PMC · DOI: 10.3389/fcell.2025.1694467 · Frontiers in Cell and Developmental Biology · 2025-11-07

## TL;DR

This study shows that a specific long non-coding RNA in heart-derived extracellular vesicles can reduce atrial fibrillation by blocking a harmful microRNA effect.

## Contribution

The study identifies a novel lncRNA-miRNA-KLF13 regulatory axis in atrial fibrillation.

## Key findings

- EVs from CDCs with XR_001793654.1 reduced atrial fibrosis and inflammation in vivo.
- XR_001793654.1 acts as a ceRNA to neutralize miR-107-3p and increase KLF13 expression.
- KLF13 elevation is crucial for the cardioprotective effects observed.

## Abstract

Atrial fibrillation (AF) is a type of arrhythmia that occurs in the upper part of the heart. Extracellular vesicles (EVs) released by human cardiac explant-derived cells (CDCs) contain bioactive cargos that may function as diagnostic indicators or therapeutic candidates for AF. The lncRNA XR_001793654.1 has been identified as a putative modulator in AF pathogenesis.

Human CDCs were derived from left atrial appendages collected during cardiac surgery. Then, EVs were isolated from cultured CDCs using ultracentrifugation. XR_001793654.1 expression was quantified in EVs. The relationship between XR_001793654.1, miR-107-3p, and KLF13 was identified.

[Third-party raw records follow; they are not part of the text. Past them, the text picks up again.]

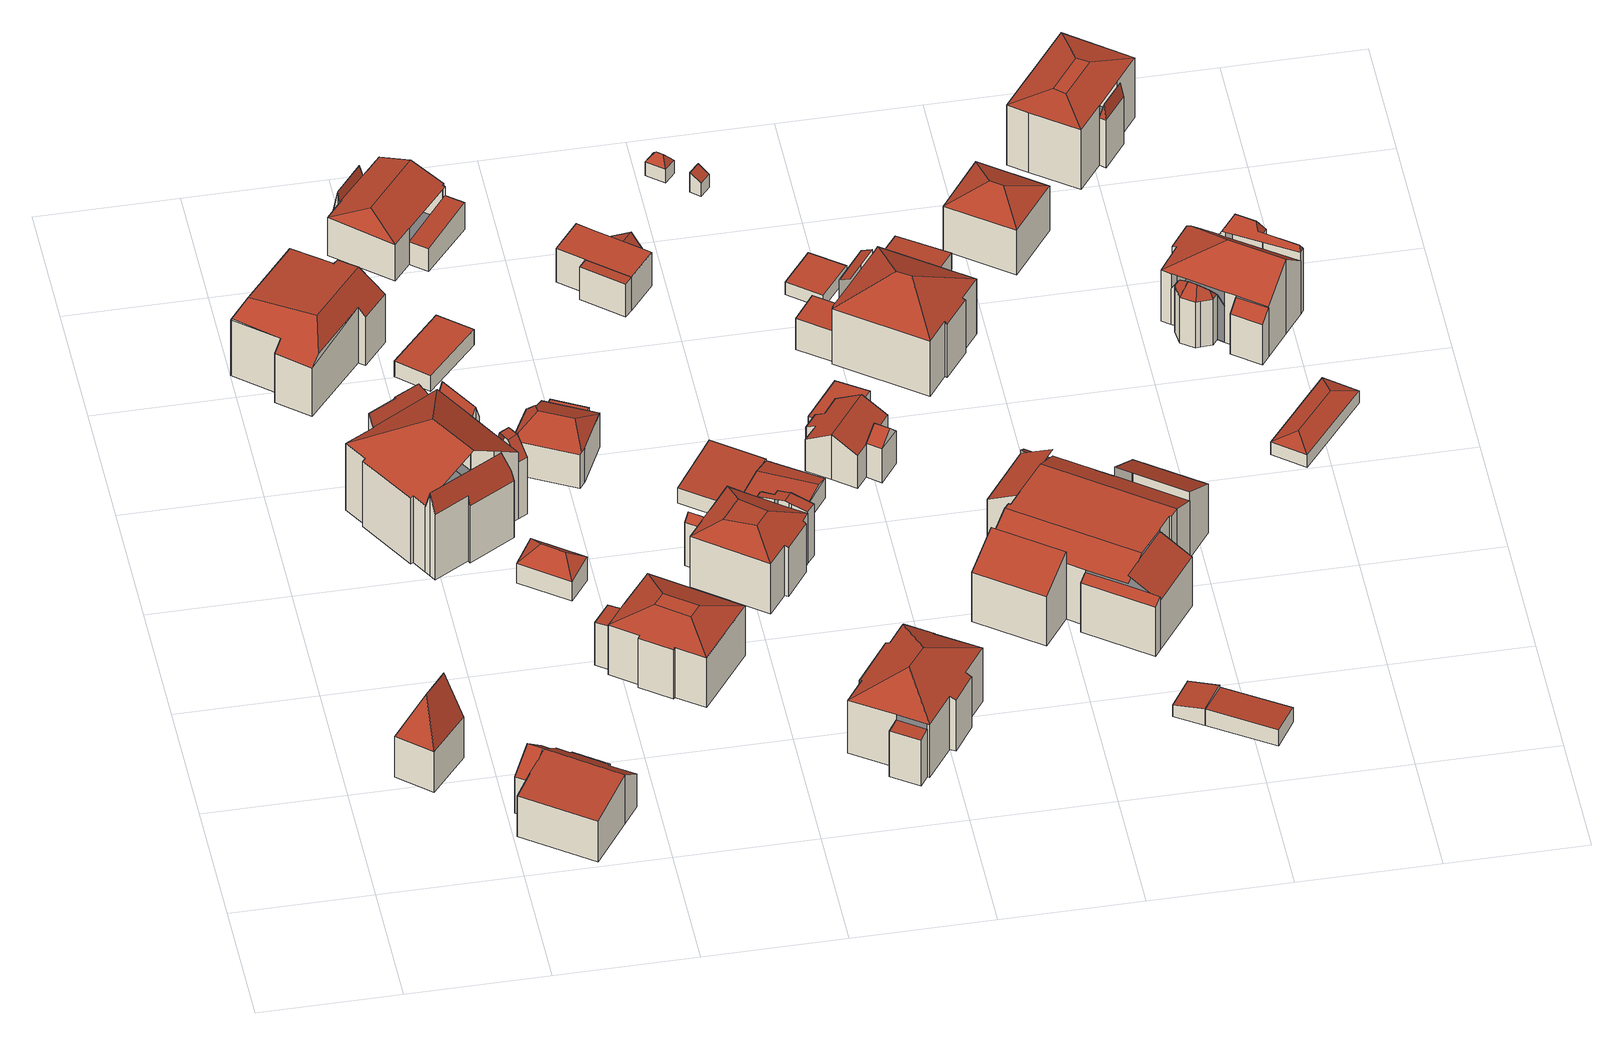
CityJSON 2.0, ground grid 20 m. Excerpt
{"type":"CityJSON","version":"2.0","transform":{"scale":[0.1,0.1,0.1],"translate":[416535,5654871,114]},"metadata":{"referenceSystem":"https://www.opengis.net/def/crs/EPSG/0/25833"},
"CityObjects":{
"building1":{"type":"Building","attributes":{"Dachtyp_tdc":"tdcFreeFormRoof","Gemeindeschluessel":14612000,"Dachneigung":64.94,"QualitaetDacherkennung":1,"Geometrietyp2DReferenz":"3000","measuredHeight":13.66,"function":"31001_9998","roofType":"5000"},"geometry":[{"type":"Solid","lod":"2","boundaries":[[[[0,1,2,3]],[[1,4,5,2]],[[4,6,7,5]],[[6,0,3,7]],[[8,9,6,4]],[[8,4,1]],[[9,8,1,0]],[[9,0,6]],[[3,2,5,7]]]],"semantics":{"surfaces":[{"type":"WallSurface"},{"type":"RoofSurface"},{"type":"GroundSurface"}],"values":[[0,0,0,0,1,1,1,0,2]]}}]},
"building2":{"type":"Building","attributes":{"Gemeindeschluessel":14612000,"Geometrietyp2DReferenz":"3000","function":"31001_9998","roofType":"9999"},"children":["building2-1","building2-2"]},
"building2-1":{"type":"BuildingPart","attributes":{"Dachtyp_tdc":"tdcGableRoof","Dachneigung":42.21,"QualitaetDacherkennung":59,"Geometrietyp2DReferenz":"3000","measuredHeight":9.26,"roofType":"3100"},"parents":["building2"],"geometry":[{"type":"MultiSurface","lod":"2","boundaries":[[[10,11,12,13]],[[11,14,15,12]],[[14,16,17,15]],[[16,18,19,17]],[[20,13,12,15,17,19,21]],[[14,11,10,22,23]],[[23,24,18,16,14]]],"semantics":{"surfaces":[{"type":"WallSurface"},{"type":"GroundSurface"},{"type":"RoofSurface"}],"values":[0,0,0,0,1,2,2]}}]},
"building2-2":{"type":"BuildingPart","attributes":{"Dachtyp_tdc":"tdcGableRoof","Dachneigung":10.33,"QualitaetDacherkennung":26,"Geometrietyp2DReferenz":"3000","measuredHeight":8.69,"roofType":"3100"},"parents":["building2"],"geometry":[{"type":"MultiSurface","lod":"2","boundaries":[[[25,26,27,19,18]],[[26,28,29,27]],[[28,30,31,29]],[[30,32,33,31]],[[32,34,35,33]],[[34,36,37,35]],[[36,38,39,37]],[[38,40,41,39]],[[40,42,10,13,41]],[[36,34,32,30,28,26,25,24,43]],[[43,44,22,42,40,38,36]],[[13,20,21,19,27,29,31,33,35,37,39,41]]],"semantics":{"surfaces":[{"type":"WallSurface"},{"type":"RoofSurface"},{"type":"GroundSurface"}],"values":[0,0,0,0,0,0,0,0,0,1,1,2]}}]},
"building3":{"type":"Building","attributes":{"Dachtyp_tdc":"tdcFreeFormRoof","Gemeindeschluessel":14612000,"Dachneigung":2.99,"QualitaetDacherkennung":47,"Geometrietyp2DReferenz":"3000","measuredHeight":12.77,"function":"31001_9998","roofType":"5000"},"geometry":[{"type":"Solid","lod":"2","boundaries":[[[[45,46,47,48]],[[46,49,50,47]],[[49,51,52,50]],[[51,53,54,52]],[[53,55,56,54]],[[55,57,58,56]],[[57,59,60,58]],[[59,61,62,60]],[[61,63,64,62]],[[63,65,66,64]],[[65,67,68,66]],[[67,69,70,68]],[[69,71,72,70]],[[71,45,48,72]],[[73,55,53,51,49,46,45,74,75]],[[76,61,59,77]],[[63,61,76,78,79,65]],[[67,79,78,75,74,71,69]],[[76,77,57,73,75,78]],[[45,71,74]],[[57,55,73]],[[59,57,77]],[[67,65,79]],[[48,47,50,52,54,56,58,60,62,64,66,68,70,72]]]],"semantics":{"surfaces":[{"type":"WallSurface"},{"type":"RoofSurface"},{"type":"GroundSurface"}],"values":[[0,0,0,0,0,0,0,0,0,0,0,0,0,0,1,1,1,1,1,0,0,0,0,2]]}}]},
"building4":{"type":"Building","attributes":{"Gemeindeschluessel":14612000,"Geometrietyp2DReferenz":"3000","function":"31001_9998","roofType":"9999"},"children":["building4-1","building4-2","building4-3","building4-4","building4-5"]},
"building4-1":{"type":"BuildingPart","attributes":{"Dachtyp_tdc":"tdcFreeFormRoof","Dachneigung":72.94,"QualitaetDacherkennung":24,"Geometrietyp2DReferenz":"3000","measuredHeight":14.84,"roofType":"5000"},"parents":["building4"],"geometry":[{"type":"MultiSurface","lod":"2","boundaries":[[[80,81,82,83]],[[81,84,85,82]],[[84,86,87,85]],[[86,88,89,87]],[[88,90,91,89]],[[90,92,93,91]],[[94,80,83,95]],[[90,88,86,84,81,80,96]],[[80,94,96]],[[94,97,92,90,96]],[[83,82,85,87,89,91,93,98,95]]],"semantics":{"surfaces":[{"type":"WallSurface"},{"type":"RoofSurface"},{"type":"GroundSurface"}],"values":[0,0,0,0,0,0,0,1,1,1,2]}}]},
"building4-2":{"type":"BuildingPart","attributes":{"Dachtyp_tdc":"tdcHipAndGableRoof","Dachneigung":30.31,"QualitaetDacherkennung":46,"Geometrietyp2DReferenz":"3000","measuredHeight":16.79,"roofType":"5000"},"parents":["building4"],"geometry":[{"type":"MultiSurface","lod":"2","boundaries":[[[99,100,94,95,101,102]],[[103,104,105,93,92]],[[104,106,107,105]],[[106,108,109,107]],[[108,110,111,109]],[[110,112,113,111]],[[112,114,115,113]],[[114,116,117,118,115]],[[119,120,121,122,123,124]],[[125,116,114,112,126]],[[112,110,108,106,104,103,127,126]],[[127,100,99,128,129,120,119,125,126]],[[101,95,98,93,105,107,109,111,113,115,118,130,131,123,122]]],"semantics":{"surfaces":[{"type":"WallSurface"},{"type":"RoofSurface"},{"type":"GroundSurface"}],"values":[0,0,0,0,0,0,0,0,0,1,1,1,2]}}]},
"building4-3":{"type":"BuildingPart","attributes":{"Dachtyp_tdc":"tdcFreeFormRoof","Dachneigung":62.61,"QualitaetDacherkennung":7,"Geometrietyp2DReferenz":"3000","measuredHeight":13.7,"roofType":"5000"},"parents":["building4"],"geometry":[{"type":"MultiSurface","lod":"2","boundaries":[[[117,132,133,118]],[[132,134,135,133]],[[134,136,137,135]],[[136,138,139,137]],[[138,140,141,139]],[[140,142,130,141]],[[136,134,132,117,142,143]],[[142,140,143]],[[140,138,136,143]],[[130,118,133,135,137,139,141]]],"semantics":{"surfaces":[{"type":"WallSurface"},{"type":"RoofSurface"},{"type":"GroundSurface"}],"values":[0,0,0,0,0,0,1,1,1,2]}}]},
"building4-4":{"type":"BuildingPart","attributes":{"Dachtyp_tdc":"tdcFreeFormRoof","Dachneigung":71.16,"QualitaetDacherkennung":27,"Geometrietyp2DReferenz":"3000","measuredHeight":12.94,"roofType":"5000"},"parents":["building4"],"geometry":[{"type":"MultiSurface","lod":"2","boundaries":[[[144,124,123,145]],[[146,147,148,130]],[[147,149,150,148]],[[149,151,152,150]],[[151,144,145,152]],[[147,146,153,124,144]],[[144,151,149,147]],[[145,123,131,130,148,150,152]]],"semantics":{"surfaces":[{"type":"WallSurface"},{"type":"RoofSurface"},{"type":"GroundSurface"}],"values":[0,0,0,0,0,1,1,2]}}]},
"building4-5":{"type":"BuildingPart","attributes":{"Dachtyp_tdc":"tdcCutGableRoof","Dachneigung":69.94,"QualitaetDacherkennung":37,"Geometrietyp2DReferenz":"3000","measuredHeight":12.92,"roofType":"9999"},"parents":["building4"],"geometry":[{"type":"MultiSurface","lod":"2","boundaries":[[[121,154,155,122]],[[154,156,157,155]],[[156,102,101,157]],[[154,121,129,158,159]],[[156,154,159,160]],[[102,156,160,161,128]],[[160,159,158,161]],[[122,155,157,101]]],"semantics":{"surfaces":[{"type":"WallSurface"},{"type":"RoofSurface"},{"type":"GroundSurface"}],"values":[0,0,0,1,0,1,1,2]}}]},
"building5":{"type":"Building","attributes":{"Dachtyp_tdc":"tdcHipRoof","Gemeindeschluessel":14612000,"Dachneigung":38.29,"QualitaetDacherkennung":55,"Geometrietyp2DReferenz":"3000","measuredHeight":5.55,"function":"31001_9998","roofType":"3200"},"geometry":[{"type":"Solid","lod":"2","boundaries":[[[[162,163,164,165]],[[163,166,167,164]],[[166,168,169,167]],[[168,162,165,169]],[[166,163,170]],[[162,168,171]],[[163,162,171,170]],[[168,166,170,171]],[[165,164,167,169]]]],"semantics":{"surfaces":[{"type":"WallSurface"},{"type":"RoofSurface"},{"type":"GroundSurface"}],"values":[[0,0,0,0,1,1,1,1,2]]}}]},
"building6":{"type":"Building","attributes":{"Gemeindeschluessel":14612000,"Geometrietyp2DReferenz":"3000","function":"31001_9998","roofType":"9999"},"children":["building6-1","building6-2"]},
"building6-1":{"type":"BuildingPart","attributes":{"Dachtyp_tdc":"tdcPolyFlatRoof","Dachneigung":3.6,"QualitaetDacherkennung":42,"Geometrietyp2DReferenz":"3000","measuredHeight":7.75,"roofType":"2100"},"parents":["building6"],"geometry":[{"type":"MultiSurface","lod":"2","boundaries":[[[172,173,174,175]],[[173,176,177,174]],[[176,178,179,177]],[[176,173,172,178]],[[179,175,174,177]]],"semantics":{"surfaces":[{"type":"WallSurface"},{"type":"RoofSurface"},{"type":"GroundSurface"}],"values":[0,0,0,1,2]}}]},
"building6-2":{"type":"BuildingPart","attributes":{"Dachtyp_tdc":"tdcCutTentRoof","Dachneigung":22.96,"QualitaetDacherkennung":72,"Geometrietyp2DReferenz":"3000","measuredHeight":10.76,"roofType":"9999"},"parents":["building6"],"geometry":[{"type":"MultiSurface","lod":"2","boundaries":[[[180,172,175]],[[181,182,183,184]],[[185,181,184,186]],[[187,188,189,190,191,185,186,192]],[[182,193,180,187,192,183]],[[192,186,184,183]],[[179,194,195,196,197,198,199,200,201,175]],[[193,179,178]],[[193,182,194,179]],[[182,181,195,194]],[[181,185,196,195]],[[185,191,197,196]],[[191,190,198,197]],[[190,189,199,198]],[[189,188,200,199]],[[188,187,201,200]],[[187,180,175,201]]],"semantics":{"surfaces":[{"type":"WallSurface"},{"type":"RoofSurface"},{"type":"GroundSurface"}],"values":[0,1,1,1,1,1,2,0,0,0,0,0,0,0,0,0,0]}}]},
"building7":{"type":"Building","attributes":{"Dachtyp_tdc":"tdcPolyFlatRoof","Gemeindeschluessel":14612000,"Dachneigung":0,"QualitaetDacherkennung":48,"Geometrietyp2DReferenz":"3000","measuredHeight":2.87,"function":"31001_9998","roofType":"1000"},"geometry":[{"type":"Solid","lod":"2","boundaries":[[[[202,203,204,205]],[[203,206,207,204]],[[206,208,209,207]],[[208,202,205,209]],[[208,206,203,202]],[[205,204,207,209]]]],"semantics":{"surfaces":[{"type":"WallSurface"},{"type":"RoofSurface"},{"type":"GroundSurface"}],"values":[[0,0,0,0,1,2]]}}]},
"building8":{"type":"Building","attributes":{"Dachtyp_tdc":"tdcFreeFormRoof","Gemeindeschluessel":14612000,"Dachneigung":25.02,"QualitaetDacherkennung":80,"Geometrietyp2DReferenz":"3000","measuredHeight":8.04,"function":"31001_9998","roofType":"5000"},"geometry":[{"type":"Solid","lod":"2","boundaries":[[[[210,211,212,213]],[[211,214,215,212]],[[214,216,217,215]],[[216,218,219,217]],[[218,220,221,219]],[[220,222,223,221]],[[222,224,225,223]],[[224,226,227,225]],[[226,210,213,227]],[[228,229,211,210]],[[230,224,231,232]],[[226,230,232,228,210]],[[231,222,220,218,216,214,229,228,232]],[[224,222,231]],[[214,211,229]],[[226,224,230]],[[213,212,215,217,219,221,223,225,227]]]],"semantics":{"surfaces":[{"type":"WallSurface"},{"type":"RoofSurface"},{"type":"GroundSurface"}],"values":[[0,0,0,0,0,0,0,0,0,1,1,1,1,0,0,0,2]]}}]},
"building9":{"type":"Building","attributes":{"Gemeindeschluessel":14612000,"Geometrietyp2DReferenz":"3000","function":"31001_9998","roofType":"9999"},"children":["building9-1","building9-2","building9-3"]},
"building9-1":{"type":"BuildingPart","attributes":{"Dachtyp_tdc":"tdcHipAndGableRoof","Dachneigung":20.29,"QualitaetDacherkennung":56,"Geometrietyp2DReferenz":"3000","measuredHeight":8.34,"roofType":"5000"},"parents":["building9"],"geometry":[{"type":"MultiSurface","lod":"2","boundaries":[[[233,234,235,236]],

XR_001793654.1 was upregulated in EVs from human CDCs. Systemic delivery of these EVs in vivo diminished atrial fibrosis and hypertrophy, with concurrent suppression of inflammatory cell accumulation and pro-inflammatory cytokine release. Mechanistically, EV-associated XR_001793654.1 served as ceRNA, sequestering miR-107-3p and thereby alleviating its inhibitory regulation of KLF13 expression. Elevation of KLF13 was essential for the observed cardioprotective outcomes.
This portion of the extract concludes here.